This journal picks up where his last one left off. The heroes have returned to Grimmsburg after defeating Skalmed the Troll King. They have discovered tensions high between Victor Starke and Jarl Surtur. In the last session “Starke” (there is some debate among the Pcs as to whether the man even was Starke) had a meeting in the Jarl’s hall and gave him an ultimatum. When the Jarl didn’t readily accept, Starke tried to kill him with a devastating, exploding, clockwork bird, and then used magic to make an escape. Bella foiled the attempt, by shooting the bird down before it reached the jarl, though it still caused great injury to him and many of his men. It seems that the fight is not yet over…

Melek’s Journal:

After having defeated the immediate threat, we only had a very small respite before the sounds of combat came from the courtyard.

Rushing outside, we found a large number of warforged fighting the troops of the Jarl. Alongside the warforged were a number of clockwork hounds as well.

We rapidly joined the battle and were fairly instrumental in ending it reasonably quickly and efficiently. One average warforged is superior to a viking warrior, even one who is a member of the Jarl's personal guard, but is no match for my new companions or for myself.

I was relatively ineffective in this fight since the warforged and my viking allies were too interspersed and since the Warforged are likely immune to my most damaging magics. Still, "relatively ineffective" hardly means useless. Fortunately the monstrosities were foolish enough to attack my flaming aura in an attempt to kill me, and do much harm themselves in the process.

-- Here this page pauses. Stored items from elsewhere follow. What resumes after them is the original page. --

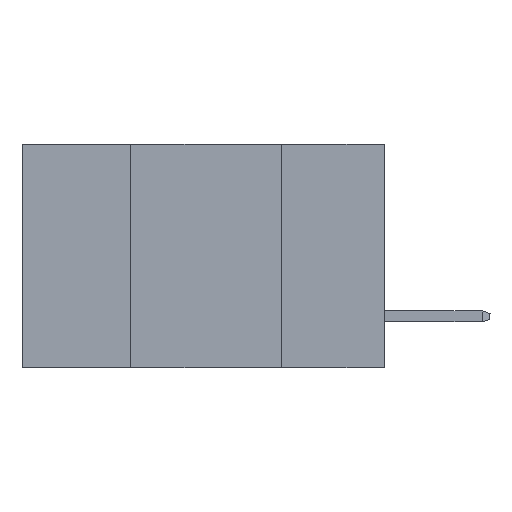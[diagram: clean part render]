
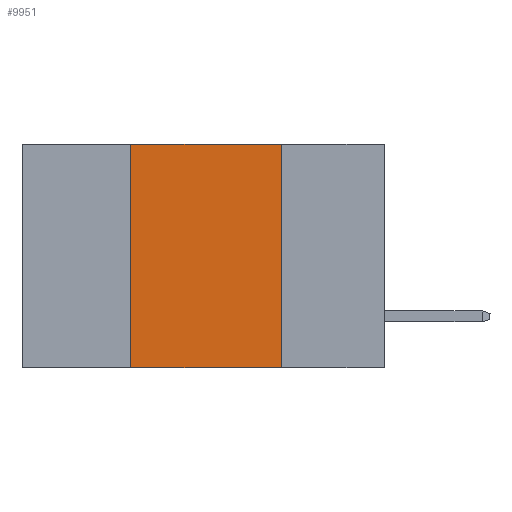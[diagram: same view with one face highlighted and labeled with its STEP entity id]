
A CAD part, left-side view. The second image highlights one B-rep face of the part: STEP entity #9951.
In plain terms, the highlighted planar face has unit normal (-1, 0, 0).
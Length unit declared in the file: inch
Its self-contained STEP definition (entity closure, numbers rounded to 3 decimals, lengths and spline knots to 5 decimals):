
#130 = CARTESIAN_POINT ( 'NONE',  ( 0., 0.17, -0.37 ) ) ;
#491 = DIRECTION ( 'NONE',  ( 0., -1., 0. ) ) ;
#654 = DIRECTION ( 'NONE',  ( 0., 0., 1. ) ) ;
#1088 = VECTOR ( 'NONE', #7853, 39.37008 ) ;
#1345 = VECTOR ( 'NONE', #9363, 39.37008 ) ;
#1347 = VECTOR ( 'NONE', #491, 39.37008 ) ;
#1742 = LINE ( 'NONE', #5525, #1088 ) ;
#1953 = ORIENTED_EDGE ( 'NONE', *, *, #2191, .F. ) ;
#2119 = EDGE_CURVE ( 'NONE', #2372, #7838, #6207, .T. ) ;
#2191 = EDGE_CURVE ( 'NONE', #3699, #8662, #4526, .T. ) ;
#2372 = VERTEX_POINT ( 'NONE', #8064 ) ;
#2835 = CARTESIAN_POINT ( 'NONE',  ( 0., 0.6, -0.37 ) ) ;
#3263 = VECTOR ( 'NONE', #654, 39.37008 ) ;
#3496 = CARTESIAN_POINT ( 'NONE',  ( 0., 0.42, -0.37 ) ) ;
#3699 = VERTEX_POINT ( 'NONE', #3496 ) ;
#3787 = FACE_OUTER_BOUND ( 'NONE', #6253, .T. ) ;
#4526 = LINE ( 'NONE', #7595, #3263 ) ;
#4546 = CARTESIAN_POINT ( 'NONE',  ( 0., 0.6, 0. ) ) ;
#5272 = EDGE_CURVE ( 'NONE', #8662, #2372, #1742, .T. ) ;
#5525 = CARTESIAN_POINT ( 'NONE',  ( 0., 0.6, 0. ) ) ;
#5648 = DIRECTION ( 'NONE',  ( 0., 0., -1. ) ) ;
#6035 = DIRECTION ( 'NONE',  ( 1., 0., 0. ) ) ;
#6207 = LINE ( 'NONE', #6247, #1345 ) ;
#6247 = CARTESIAN_POINT ( 'NONE',  ( 0., 0.17, -0.37 ) ) ;
#6253 = EDGE_LOOP ( 'NONE', ( #8322, #9715, #1953, #6516 ) ) ;
#6516 = ORIENTED_EDGE ( 'NONE', *, *, #7517, .T. ) ;
#6659 = LINE ( 'NONE', #2835, #1347 ) ;
#7517 = EDGE_CURVE ( 'NONE', #3699, #7838, #6659, .T. ) ;
#7595 = CARTESIAN_POINT ( 'NONE',  ( 0., 0.42, -0.37 ) ) ;
#7838 = VERTEX_POINT ( 'NONE', #130 ) ;
#7853 = DIRECTION ( 'NONE',  ( 0., -1., 0. ) ) ;
#7973 = AXIS2_PLACEMENT_3D ( 'NONE', #4546, #6035, #5648 ) ;
#8064 = CARTESIAN_POINT ( 'NONE',  ( 0., 0.17, 0. ) ) ;
#8322 = ORIENTED_EDGE ( 'NONE', *, *, #2119, .F. ) ;
#8662 = VERTEX_POINT ( 'NONE', #9474 ) ;
#9363 = DIRECTION ( 'NONE',  ( 0., 0., -1. ) ) ;
#9474 = CARTESIAN_POINT ( 'NONE',  ( 0., 0.42, 0. ) ) ;
#9715 = ORIENTED_EDGE ( 'NONE', *, *, #5272, .F. ) ;
#9951 = ADVANCED_FACE ( 'NONE', ( #3787 ), #9954, .F. ) ;
#9954 = PLANE ( 'NONE',  #7973 ) ;

Bella was her usual killing machine, sending in bolts of death from a distance, an effective (if rather cowardly) approach. Turak stayed inside to make sure that it wasn't all a distraction (or, at least, to make sure that the distraction would fail). Vesna spent the entire fight in the midst of the great melee, hacking and slashing at Starke’s warforged with her enchanted blade. Bjorn ended up coming into the fight before we did, having arrived from the Temple of Thor. He had been absent from the negotiations with Starke on other business, and his arrival was quite timely to say the least. Say what you want about Thor, but his priests can certainly fight, and do a fine job of inspiring and aiding their allies. Despite taking a couple of significant blows, I ended up the fight less injured than I was when I started thanks to Bjorn’s divine healing powers. He truly is in Thor’s favor.

The warforged were coming in from a teleportation circle inscribed on the floor of Starke's coach, an interesting (if rather expensive) way of getting troops into the castle. I'm still wondering to what end, though. Surely Stark couldn’t have expected such paltry numbers to win? Even if we had not been present the Jarl would have been able to easily flee. Of course, had we not been there, he would surely have been obliterated by the exploding bird and the majority of his personal guard would likely have been cut down, so perhaps I don’t give Starke enough credit.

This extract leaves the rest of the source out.